### HOW TO COMPLETE THIS TASK
Here are some entries. Repeat all of them exactly.

(Extracted data entries)
┄┄┄┄┄┄

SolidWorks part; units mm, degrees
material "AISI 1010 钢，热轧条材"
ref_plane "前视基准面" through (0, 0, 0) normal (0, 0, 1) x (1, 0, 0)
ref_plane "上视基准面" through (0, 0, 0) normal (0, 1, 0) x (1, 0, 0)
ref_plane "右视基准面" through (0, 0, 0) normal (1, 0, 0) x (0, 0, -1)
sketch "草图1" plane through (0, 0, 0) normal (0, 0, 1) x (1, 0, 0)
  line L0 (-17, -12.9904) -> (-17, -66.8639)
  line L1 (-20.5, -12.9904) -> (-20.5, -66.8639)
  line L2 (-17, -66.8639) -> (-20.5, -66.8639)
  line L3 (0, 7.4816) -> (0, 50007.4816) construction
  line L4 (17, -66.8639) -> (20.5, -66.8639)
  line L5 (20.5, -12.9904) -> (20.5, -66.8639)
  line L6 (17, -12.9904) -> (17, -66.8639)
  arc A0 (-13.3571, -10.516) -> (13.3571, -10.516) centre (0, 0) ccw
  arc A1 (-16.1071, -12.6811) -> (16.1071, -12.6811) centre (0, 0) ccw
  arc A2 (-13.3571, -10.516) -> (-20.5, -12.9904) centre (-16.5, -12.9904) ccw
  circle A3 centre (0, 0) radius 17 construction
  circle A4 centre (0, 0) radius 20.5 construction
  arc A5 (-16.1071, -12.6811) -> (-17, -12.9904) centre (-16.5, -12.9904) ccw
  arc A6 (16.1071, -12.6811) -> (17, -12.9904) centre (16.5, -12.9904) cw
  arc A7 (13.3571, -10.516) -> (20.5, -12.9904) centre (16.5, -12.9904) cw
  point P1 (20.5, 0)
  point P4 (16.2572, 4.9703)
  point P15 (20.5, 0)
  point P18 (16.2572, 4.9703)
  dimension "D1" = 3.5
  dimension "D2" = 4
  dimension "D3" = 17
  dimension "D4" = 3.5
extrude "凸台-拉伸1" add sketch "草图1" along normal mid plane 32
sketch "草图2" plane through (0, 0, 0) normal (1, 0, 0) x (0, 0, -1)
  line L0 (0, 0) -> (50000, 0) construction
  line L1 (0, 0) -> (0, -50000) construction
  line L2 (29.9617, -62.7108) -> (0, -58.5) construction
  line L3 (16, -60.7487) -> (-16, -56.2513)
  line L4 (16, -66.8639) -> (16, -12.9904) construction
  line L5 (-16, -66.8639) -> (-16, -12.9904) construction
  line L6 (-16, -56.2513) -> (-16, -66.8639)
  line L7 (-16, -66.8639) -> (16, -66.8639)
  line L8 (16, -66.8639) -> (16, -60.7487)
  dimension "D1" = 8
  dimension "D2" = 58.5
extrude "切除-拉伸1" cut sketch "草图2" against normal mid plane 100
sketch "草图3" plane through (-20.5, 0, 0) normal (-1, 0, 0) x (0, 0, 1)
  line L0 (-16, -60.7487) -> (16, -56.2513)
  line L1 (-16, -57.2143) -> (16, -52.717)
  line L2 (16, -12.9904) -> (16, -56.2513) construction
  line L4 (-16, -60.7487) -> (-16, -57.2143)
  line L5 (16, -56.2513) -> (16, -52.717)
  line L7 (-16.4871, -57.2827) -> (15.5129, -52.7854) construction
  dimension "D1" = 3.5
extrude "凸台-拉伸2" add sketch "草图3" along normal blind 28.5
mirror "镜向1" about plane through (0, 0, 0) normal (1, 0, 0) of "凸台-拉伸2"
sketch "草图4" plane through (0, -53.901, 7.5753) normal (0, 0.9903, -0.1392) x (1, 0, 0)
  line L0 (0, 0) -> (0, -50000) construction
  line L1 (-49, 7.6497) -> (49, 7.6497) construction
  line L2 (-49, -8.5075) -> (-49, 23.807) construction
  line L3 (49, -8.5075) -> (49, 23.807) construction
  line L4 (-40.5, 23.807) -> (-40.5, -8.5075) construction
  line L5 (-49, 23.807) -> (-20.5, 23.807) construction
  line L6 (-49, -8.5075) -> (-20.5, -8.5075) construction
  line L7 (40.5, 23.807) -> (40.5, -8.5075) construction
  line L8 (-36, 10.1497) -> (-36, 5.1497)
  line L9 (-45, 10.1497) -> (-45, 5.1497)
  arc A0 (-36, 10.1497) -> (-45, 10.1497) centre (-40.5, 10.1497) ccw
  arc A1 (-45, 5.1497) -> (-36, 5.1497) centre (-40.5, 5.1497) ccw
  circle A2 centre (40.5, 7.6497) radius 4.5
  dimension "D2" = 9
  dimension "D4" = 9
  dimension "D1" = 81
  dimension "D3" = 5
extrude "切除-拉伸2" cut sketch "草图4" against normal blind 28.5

┄┄┄┄┄┄

### EXERCISE ANSWER
SolidWorks part; units mm, degrees
material "AISI 1010 钢，热轧条材"
ref_plane "前视基准面" through (0, 0, 0) normal (0, 0, 1) x (1, 0, 0)
ref_plane "上视基准面" through (0, 0, 0) normal (0, 1, 0) x (1, 0, 0)
ref_plane "右视基准面" through (0, 0, 0) normal (1, 0, 0) x (0, 0, -1)
sketch "草图1" plane through (0, 0, 0) normal (0, 0, 1) x (1, 0, 0)
  line L0 (-17, -12.9904) -> (-17, -66.8639)
  line L1 (-20.5, -12.9904) -> (-20.5, -66.8639)
  line L2 (-17, -66.8639) -> (-20.5, -66.8639)
  line L3 (0, 7.4816) -> (0, 50007.4816) construction
  line L4 (17, -66.8639) -> (20.5, -66.8639)
  line L5 (20.5, -12.9904) -> (20.5, -66.8639)
  line L6 (17, -12.9904) -> (17, -66.8639)
  arc A0 (-13.3571, -10.516) -> (13.3571, -10.516) centre (0, 0) ccw
  arc A1 (-16.1071, -12.6811) -> (16.1071, -12.6811) centre (0, 0) ccw
  arc A2 (-13.3571, -10.516) -> (-20.5, -12.9904) centre (-16.5, -12.9904) ccw
  circle A3 centre (0, 0) radius 17 construction
  circle A4 centre (0, 0) radius 20.5 construction
  arc A5 (-16.1071, -12.6811) -> (-17, -12.9904) centre (-16.5, -12.9904) ccw
  arc A6 (16.1071, -12.6811) -> (17, -12.9904) centre (16.5, -12.9904) cw
  arc A7 (13.3571, -10.516) -> (20.5, -12.9904) centre (16.5, -12.9904) cw
  point P1 (20.5, 0)
  point P4 (16.2572, 4.9703)
  point P15 (20.5, 0)
  point P18 (16.2572, 4.9703)
  dimension "D1" = 3.5
  dimension "D2" = 4
  dimension "D3" = 17
  dimension "D4" = 3.5
extrude "凸台-拉伸1" add sketch "草图1" along normal mid plane 32
sketch "草图2" plane through (0, 0, 0) normal (1, 0, 0) x (0, 0, -1)
  line L0 (0, 0) -> (50000, 0) construction
  line L1 (0, 0) -> (0, -50000) construction
  line L2 (29.9617, -62.7108) -> (0, -58.5) construction
  line L3 (16, -60.7487) -> (-16, -56.2513)
  line L4 (16, -66.8639) -> (16, -12.9904) construction
  line L5 (-16, -66.8639) -> (-16, -12.9904) construction
  line L6 (-16, -56.2513) -> (-16, -66.8639)
  line L7 (-16, -66.8639) -> (16, -66.8639)
  line L8 (16, -66.8639) -> (16, -60.7487)
  dimension "D1" = 8
  dimension "D2" = 58.5
extrude "切除-拉伸1" cut sketch "草图2" against normal mid plane 100
sketch "草图3" plane through (-20.5, 0, 0) normal (-1, 0, 0) x (0, 0, 1)
  line L0 (-16, -60.7487) -> (16, -56.2513)
  line L1 (-16, -57.2143) -> (16, -52.717)
  line L2 (16, -12.9904) -> (16, -56.2513) construction
  line L4 (-16, -60.7487) -> (-16, -57.2143)
  line L5 (16, -56.2513) -> (16, -52.717)
  line L7 (-16.4871, -57.2827) -> (15.5129, -52.7854) construction
  dimension "D1" = 3.5
extrude "凸台-拉伸2" add sketch "草图3" along normal blind 28.5
mirror "镜向1" about plane through (0, 0, 0) normal (1, 0, 0) of "凸台-拉伸2"
sketch "草图4" plane through (0, -53.901, 7.5753) normal (0, 0.9903, -0.1392) x (1, 0, 0)
  line L0 (0, 0) -> (0, -50000) construction
  line L1 (-49, 7.6497) -> (49, 7.6497) construction
  line L2 (-49, -8.5075) -> (-49, 23.807) construction
  line L3 (49, -8.5075) -> (49, 23.807) construction
  line L4 (-40.5, 23.807) -> (-40.5, -8.5075) construction
  line L5 (-49, 23.807) -> (-20.5, 23.807) construction
  line L6 (-49, -8.5075) -> (-20.5, -8.5075) construction
  line L7 (40.5, 23.807) -> (40.5, -8.5075) construction
  line L8 (-36, 10.1497) -> (-36, 5.1497)
  line L9 (-45, 10.1497) -> (-45, 5.1497)
  arc A0 (-36, 10.1497) -> (-45, 10.1497) centre (-40.5, 10.1497) ccw
  arc A1 (-45, 5.1497) -> (-36, 5.1497) centre (-40.5, 5.1497) ccw
  circle A2 centre (40.5, 7.6497) radius 4.5
  dimension "D2" = 9
  dimension "D4" = 9
  dimension "D1" = 81
  dimension "D3" = 5
extrude "切除-拉伸2" cut sketch "草图4" against normal blind 28.5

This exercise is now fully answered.